◆ Required work: Every line of the entries below that includes "radius" belongs in the answer, copied as written.

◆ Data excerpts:
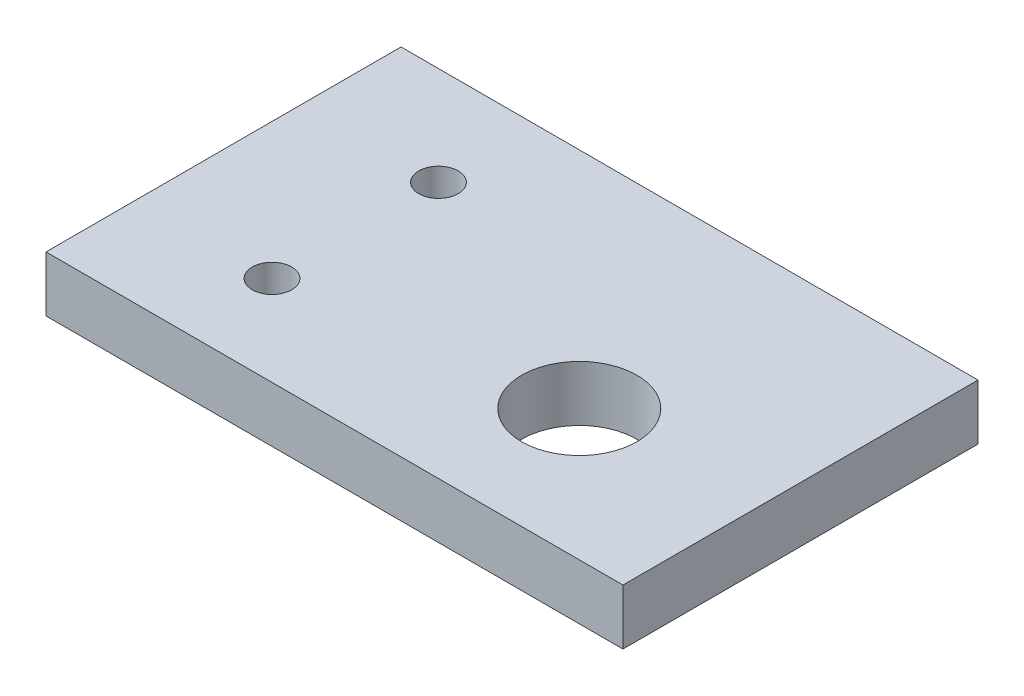
SolidWorks part; units mm, degrees
ref_plane "Front Plane" through (0, 0, 0) normal (0, 0, 1) x (1, 0, 0)
ref_plane "Top Plane" through (0, 0, 0) normal (0, 1, 0) x (1, 0, 0)
ref_plane "Right Plane" through (0, 0, 0) normal (1, 0, 0) x (0, 0, -1)
sketch "Sketch1" plane through (0, 0, 0) normal (0, 1, 0) x (1, 0, 0)
  line L1 (0, 0) -> (33.02, 0)
  line L3 (0, 20.32) -> (33.02, 20.32)
  line L4 (33.02, 0) -> (33.02, 20.32)
  line L6 (0, 0) -> (0, 20.32)
  circle A0 centre (23.02, 7.5) radius 3.3
  dimension "D3" = 6.6
  dimension "D1" = 20.32
  dimension "D2" = 33.02
  dimension "D8" = 7.5
  dimension "D9" = 10
extrude "Boss-Extrude1" add sketch "Sketch1" along normal blind 3.175
sketch "Sketch2" plane through (0, 3.175, 0) normal (0, 1, 0) x (1, 0, 0)
  line L0 (0, 0) -> (33.02, 0) construction
  line L1 (33.02, 0) -> (33.02, 20.32) construction
  circle A0 centre (7.78, 5.1562) radius 1.1303
  circle A1 centre (7.78, 14.6812) radius 1.1303
  dimension "D1" = 2.2606
  dimension "D2" = 5.1562
  dimension "D3" = 25.24
  dimension "D4" = 9.525
extrude "Cut-Extrude1" cut sketch "Sketch2" against normal through all

◆ Written reply:
  circle A0 centre (23.02, 7.5) radius 3.3
  circle A0 centre (7.78, 5.1562) radius 1.1303
  circle A1 centre (7.78, 14.6812) radius 1.1303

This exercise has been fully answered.